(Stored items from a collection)
----------
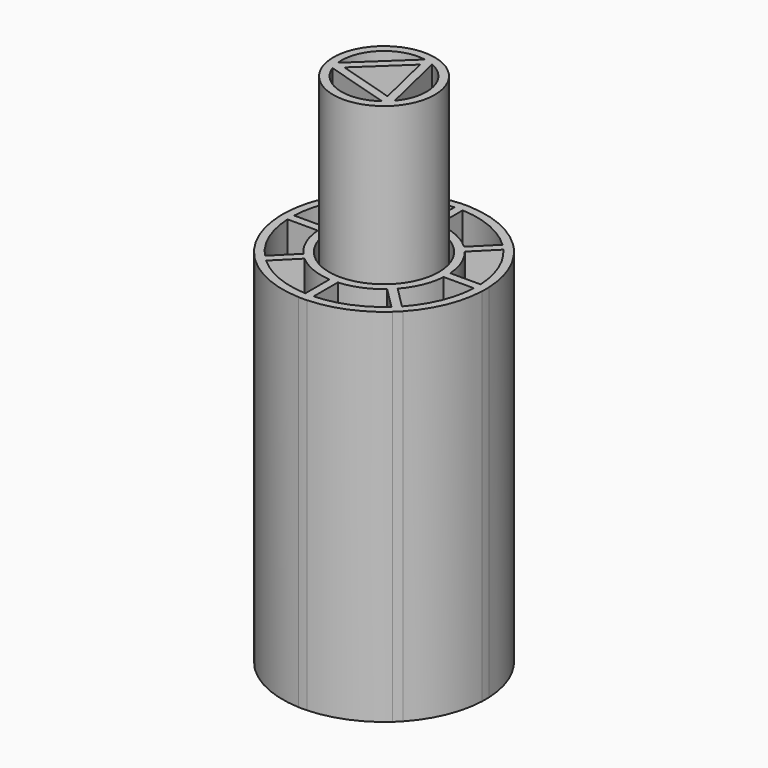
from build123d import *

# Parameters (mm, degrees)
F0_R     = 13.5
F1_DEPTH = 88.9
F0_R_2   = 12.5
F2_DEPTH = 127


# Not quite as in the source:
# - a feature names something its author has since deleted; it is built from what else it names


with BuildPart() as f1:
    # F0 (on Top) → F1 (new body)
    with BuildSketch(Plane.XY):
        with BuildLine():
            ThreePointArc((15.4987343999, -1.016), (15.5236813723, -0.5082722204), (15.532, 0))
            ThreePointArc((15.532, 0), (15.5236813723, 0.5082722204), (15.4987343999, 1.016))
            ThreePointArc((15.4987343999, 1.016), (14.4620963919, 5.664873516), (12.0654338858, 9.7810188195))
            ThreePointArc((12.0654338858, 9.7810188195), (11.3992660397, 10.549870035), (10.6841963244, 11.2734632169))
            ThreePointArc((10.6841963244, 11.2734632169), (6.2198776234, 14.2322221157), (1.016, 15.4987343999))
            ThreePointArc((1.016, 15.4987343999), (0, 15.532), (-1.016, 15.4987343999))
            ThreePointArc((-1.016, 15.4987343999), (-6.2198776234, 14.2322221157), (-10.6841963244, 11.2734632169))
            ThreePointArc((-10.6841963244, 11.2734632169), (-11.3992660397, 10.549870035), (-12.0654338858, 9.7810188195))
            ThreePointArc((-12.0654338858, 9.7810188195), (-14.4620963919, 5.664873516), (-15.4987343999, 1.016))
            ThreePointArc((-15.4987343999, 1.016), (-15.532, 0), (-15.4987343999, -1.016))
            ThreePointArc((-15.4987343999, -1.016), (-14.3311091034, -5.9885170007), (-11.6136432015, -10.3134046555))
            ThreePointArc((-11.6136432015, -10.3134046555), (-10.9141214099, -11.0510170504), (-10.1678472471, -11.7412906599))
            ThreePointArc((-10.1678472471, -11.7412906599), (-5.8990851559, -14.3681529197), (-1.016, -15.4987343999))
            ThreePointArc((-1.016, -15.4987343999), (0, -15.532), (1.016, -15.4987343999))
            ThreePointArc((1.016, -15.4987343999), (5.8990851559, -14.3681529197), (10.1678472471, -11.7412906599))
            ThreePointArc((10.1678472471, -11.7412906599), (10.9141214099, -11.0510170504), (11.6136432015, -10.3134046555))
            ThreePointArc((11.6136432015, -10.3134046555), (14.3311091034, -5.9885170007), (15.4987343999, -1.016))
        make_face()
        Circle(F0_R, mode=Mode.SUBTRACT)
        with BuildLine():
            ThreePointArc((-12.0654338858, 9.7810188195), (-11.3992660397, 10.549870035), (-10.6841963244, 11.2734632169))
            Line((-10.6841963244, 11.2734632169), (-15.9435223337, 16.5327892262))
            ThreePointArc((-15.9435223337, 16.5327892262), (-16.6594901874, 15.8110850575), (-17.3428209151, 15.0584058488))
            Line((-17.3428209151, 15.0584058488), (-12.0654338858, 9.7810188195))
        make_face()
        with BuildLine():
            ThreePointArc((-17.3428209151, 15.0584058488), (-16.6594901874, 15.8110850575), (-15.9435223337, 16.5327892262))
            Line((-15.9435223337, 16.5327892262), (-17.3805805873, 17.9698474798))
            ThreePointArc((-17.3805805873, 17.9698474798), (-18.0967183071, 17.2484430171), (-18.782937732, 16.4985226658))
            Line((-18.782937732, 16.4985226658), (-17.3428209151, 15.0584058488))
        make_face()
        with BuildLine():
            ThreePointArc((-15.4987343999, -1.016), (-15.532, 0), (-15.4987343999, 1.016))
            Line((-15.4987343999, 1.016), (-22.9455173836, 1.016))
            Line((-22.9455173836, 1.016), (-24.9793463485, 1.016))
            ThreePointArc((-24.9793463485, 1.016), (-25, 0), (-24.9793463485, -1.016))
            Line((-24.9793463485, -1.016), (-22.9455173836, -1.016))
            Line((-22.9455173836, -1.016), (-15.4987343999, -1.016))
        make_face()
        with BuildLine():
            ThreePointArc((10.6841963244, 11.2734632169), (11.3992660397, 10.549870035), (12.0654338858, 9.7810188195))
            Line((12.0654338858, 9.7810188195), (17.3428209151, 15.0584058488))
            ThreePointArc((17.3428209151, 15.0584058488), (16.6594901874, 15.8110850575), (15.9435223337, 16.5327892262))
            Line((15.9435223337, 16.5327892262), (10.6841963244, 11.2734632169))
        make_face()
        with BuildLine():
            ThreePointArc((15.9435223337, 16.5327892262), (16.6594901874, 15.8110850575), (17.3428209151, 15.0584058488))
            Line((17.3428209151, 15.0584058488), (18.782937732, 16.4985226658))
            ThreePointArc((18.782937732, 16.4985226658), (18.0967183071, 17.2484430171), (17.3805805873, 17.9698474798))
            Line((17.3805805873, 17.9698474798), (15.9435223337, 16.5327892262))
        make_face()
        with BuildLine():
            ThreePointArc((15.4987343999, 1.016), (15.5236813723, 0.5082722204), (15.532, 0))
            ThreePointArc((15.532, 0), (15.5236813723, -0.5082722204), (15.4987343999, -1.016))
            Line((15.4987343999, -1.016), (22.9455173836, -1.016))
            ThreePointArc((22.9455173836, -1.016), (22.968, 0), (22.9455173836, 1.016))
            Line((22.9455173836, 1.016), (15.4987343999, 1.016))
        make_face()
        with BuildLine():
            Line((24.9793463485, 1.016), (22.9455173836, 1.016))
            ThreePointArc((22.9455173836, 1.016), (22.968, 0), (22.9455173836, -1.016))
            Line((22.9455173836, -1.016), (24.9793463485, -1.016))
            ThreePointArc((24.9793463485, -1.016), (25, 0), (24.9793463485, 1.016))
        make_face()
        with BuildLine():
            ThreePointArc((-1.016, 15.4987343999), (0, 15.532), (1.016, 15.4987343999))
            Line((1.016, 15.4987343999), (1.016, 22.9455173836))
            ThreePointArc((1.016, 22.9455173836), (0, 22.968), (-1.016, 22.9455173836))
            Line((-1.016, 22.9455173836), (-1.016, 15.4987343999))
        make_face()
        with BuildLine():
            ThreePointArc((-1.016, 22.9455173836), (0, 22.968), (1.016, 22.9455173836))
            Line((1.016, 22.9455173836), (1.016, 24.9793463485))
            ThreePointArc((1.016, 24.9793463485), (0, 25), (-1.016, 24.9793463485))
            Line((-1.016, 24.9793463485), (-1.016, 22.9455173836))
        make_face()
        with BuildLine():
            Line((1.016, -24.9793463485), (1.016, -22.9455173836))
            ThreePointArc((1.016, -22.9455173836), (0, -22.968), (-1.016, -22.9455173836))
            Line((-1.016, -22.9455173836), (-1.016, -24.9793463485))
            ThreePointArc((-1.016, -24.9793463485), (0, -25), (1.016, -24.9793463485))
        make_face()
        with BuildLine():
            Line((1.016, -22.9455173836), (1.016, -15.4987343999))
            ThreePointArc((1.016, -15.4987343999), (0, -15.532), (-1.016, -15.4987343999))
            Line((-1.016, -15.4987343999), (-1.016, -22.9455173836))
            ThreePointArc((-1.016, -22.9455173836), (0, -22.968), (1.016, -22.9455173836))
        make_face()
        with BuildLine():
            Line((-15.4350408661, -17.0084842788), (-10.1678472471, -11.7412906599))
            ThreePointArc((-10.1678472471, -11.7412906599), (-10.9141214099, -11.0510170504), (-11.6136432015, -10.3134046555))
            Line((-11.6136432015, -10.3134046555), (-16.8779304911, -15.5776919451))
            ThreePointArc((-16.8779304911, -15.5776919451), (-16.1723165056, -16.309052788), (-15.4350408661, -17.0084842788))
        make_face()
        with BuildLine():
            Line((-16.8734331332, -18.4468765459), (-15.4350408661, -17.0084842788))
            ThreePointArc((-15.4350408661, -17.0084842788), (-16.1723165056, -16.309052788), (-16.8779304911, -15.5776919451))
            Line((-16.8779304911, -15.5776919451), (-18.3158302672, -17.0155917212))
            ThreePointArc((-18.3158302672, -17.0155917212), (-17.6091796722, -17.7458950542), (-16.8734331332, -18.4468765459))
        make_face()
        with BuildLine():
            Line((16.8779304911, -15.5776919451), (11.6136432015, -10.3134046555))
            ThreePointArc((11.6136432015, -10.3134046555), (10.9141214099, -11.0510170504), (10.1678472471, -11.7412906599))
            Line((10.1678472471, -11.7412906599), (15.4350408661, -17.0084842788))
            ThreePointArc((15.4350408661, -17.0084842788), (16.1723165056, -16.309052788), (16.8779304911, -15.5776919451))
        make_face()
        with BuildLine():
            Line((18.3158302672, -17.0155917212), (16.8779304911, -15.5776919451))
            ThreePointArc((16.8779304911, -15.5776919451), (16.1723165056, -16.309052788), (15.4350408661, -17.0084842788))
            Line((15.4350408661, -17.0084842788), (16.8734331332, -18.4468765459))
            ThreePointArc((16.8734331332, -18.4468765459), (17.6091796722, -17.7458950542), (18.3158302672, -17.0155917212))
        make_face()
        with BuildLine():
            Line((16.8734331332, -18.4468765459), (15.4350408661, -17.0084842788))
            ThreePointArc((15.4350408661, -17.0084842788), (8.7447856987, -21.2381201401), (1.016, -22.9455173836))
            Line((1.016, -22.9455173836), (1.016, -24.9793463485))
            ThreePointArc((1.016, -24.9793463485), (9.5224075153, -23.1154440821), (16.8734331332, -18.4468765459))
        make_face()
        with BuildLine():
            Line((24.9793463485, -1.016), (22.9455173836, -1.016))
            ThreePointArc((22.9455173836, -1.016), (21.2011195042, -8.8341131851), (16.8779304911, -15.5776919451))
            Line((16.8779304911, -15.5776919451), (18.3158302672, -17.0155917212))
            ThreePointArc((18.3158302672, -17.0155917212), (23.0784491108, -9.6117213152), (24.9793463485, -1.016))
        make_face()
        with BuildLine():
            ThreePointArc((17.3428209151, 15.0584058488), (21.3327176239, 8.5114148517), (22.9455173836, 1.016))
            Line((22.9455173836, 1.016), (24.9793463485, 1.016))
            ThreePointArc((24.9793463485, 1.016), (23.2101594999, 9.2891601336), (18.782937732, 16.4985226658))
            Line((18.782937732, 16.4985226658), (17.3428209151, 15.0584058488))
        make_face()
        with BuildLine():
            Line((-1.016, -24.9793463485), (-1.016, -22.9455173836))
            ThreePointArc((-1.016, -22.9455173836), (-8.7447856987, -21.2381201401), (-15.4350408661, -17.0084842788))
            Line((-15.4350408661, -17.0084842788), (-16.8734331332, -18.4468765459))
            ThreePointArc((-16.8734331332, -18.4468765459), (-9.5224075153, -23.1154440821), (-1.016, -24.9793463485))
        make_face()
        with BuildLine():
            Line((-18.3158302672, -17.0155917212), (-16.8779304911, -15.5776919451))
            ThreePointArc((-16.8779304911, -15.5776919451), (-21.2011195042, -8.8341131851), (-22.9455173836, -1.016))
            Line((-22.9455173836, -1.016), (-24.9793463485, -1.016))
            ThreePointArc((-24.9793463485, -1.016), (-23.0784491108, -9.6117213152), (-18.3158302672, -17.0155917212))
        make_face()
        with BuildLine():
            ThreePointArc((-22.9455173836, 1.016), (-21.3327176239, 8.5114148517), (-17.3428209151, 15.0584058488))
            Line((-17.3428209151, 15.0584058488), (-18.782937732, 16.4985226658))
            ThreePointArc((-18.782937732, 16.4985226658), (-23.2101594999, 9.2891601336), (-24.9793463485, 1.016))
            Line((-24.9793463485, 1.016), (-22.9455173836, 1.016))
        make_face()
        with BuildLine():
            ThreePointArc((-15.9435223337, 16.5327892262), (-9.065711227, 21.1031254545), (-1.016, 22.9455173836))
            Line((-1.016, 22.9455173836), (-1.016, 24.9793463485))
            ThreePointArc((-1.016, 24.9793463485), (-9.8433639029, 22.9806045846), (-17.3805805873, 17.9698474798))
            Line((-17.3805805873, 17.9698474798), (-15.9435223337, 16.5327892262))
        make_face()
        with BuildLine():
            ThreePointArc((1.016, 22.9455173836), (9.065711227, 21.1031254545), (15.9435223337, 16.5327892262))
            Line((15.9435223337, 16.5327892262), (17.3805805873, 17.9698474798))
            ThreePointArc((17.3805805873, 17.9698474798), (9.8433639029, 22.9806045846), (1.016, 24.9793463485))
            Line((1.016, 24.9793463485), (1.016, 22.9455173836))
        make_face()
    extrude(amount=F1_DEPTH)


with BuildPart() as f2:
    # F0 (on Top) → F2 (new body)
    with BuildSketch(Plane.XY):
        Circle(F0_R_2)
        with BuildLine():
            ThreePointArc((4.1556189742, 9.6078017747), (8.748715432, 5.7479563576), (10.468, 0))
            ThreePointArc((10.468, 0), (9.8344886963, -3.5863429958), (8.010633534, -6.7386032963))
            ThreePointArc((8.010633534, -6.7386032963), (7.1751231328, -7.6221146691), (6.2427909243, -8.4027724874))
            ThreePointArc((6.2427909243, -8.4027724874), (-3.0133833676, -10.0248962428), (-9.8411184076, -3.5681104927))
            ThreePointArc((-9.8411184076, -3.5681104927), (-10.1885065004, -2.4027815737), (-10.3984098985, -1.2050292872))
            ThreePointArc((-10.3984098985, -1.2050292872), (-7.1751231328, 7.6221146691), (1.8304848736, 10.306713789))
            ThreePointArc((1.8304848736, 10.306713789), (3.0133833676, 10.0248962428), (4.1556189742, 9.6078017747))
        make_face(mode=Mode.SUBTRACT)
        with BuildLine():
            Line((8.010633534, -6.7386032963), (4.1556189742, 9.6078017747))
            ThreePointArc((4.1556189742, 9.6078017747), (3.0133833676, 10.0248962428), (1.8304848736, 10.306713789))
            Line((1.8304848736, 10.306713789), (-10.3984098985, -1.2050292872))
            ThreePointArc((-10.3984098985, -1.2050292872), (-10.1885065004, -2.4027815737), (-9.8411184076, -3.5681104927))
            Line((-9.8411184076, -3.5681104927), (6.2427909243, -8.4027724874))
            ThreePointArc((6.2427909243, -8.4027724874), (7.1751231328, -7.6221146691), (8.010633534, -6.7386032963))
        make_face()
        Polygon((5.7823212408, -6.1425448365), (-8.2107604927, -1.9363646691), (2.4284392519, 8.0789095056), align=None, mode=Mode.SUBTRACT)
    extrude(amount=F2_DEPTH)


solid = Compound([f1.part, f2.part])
----------
[WHAT IS REQUIRED]:
Output an exact copy of the lines from the one holding "-3.5681104927), (6.2427909243, -8.4027724874))" to the last line of the data, inclusive, and nothing beyond that range.

[EXPECTED ANSWER]:
            Line((-9.8411184076, -3.5681104927), (6.2427909243, -8.4027724874))
            ThreePointArc((6.2427909243, -8.4027724874), (7.1751231328, -7.6221146691), (8.010633534, -6.7386032963))
        make_face()
        Polygon((5.7823212408, -6.1425448365), (-8.2107604927, -1.9363646691), (2.4284392519, 8.0789095056), align=None, mode=Mode.SUBTRACT)
    extrude(amount=F2_DEPTH)


solid = Compound([f1.part, f2.part])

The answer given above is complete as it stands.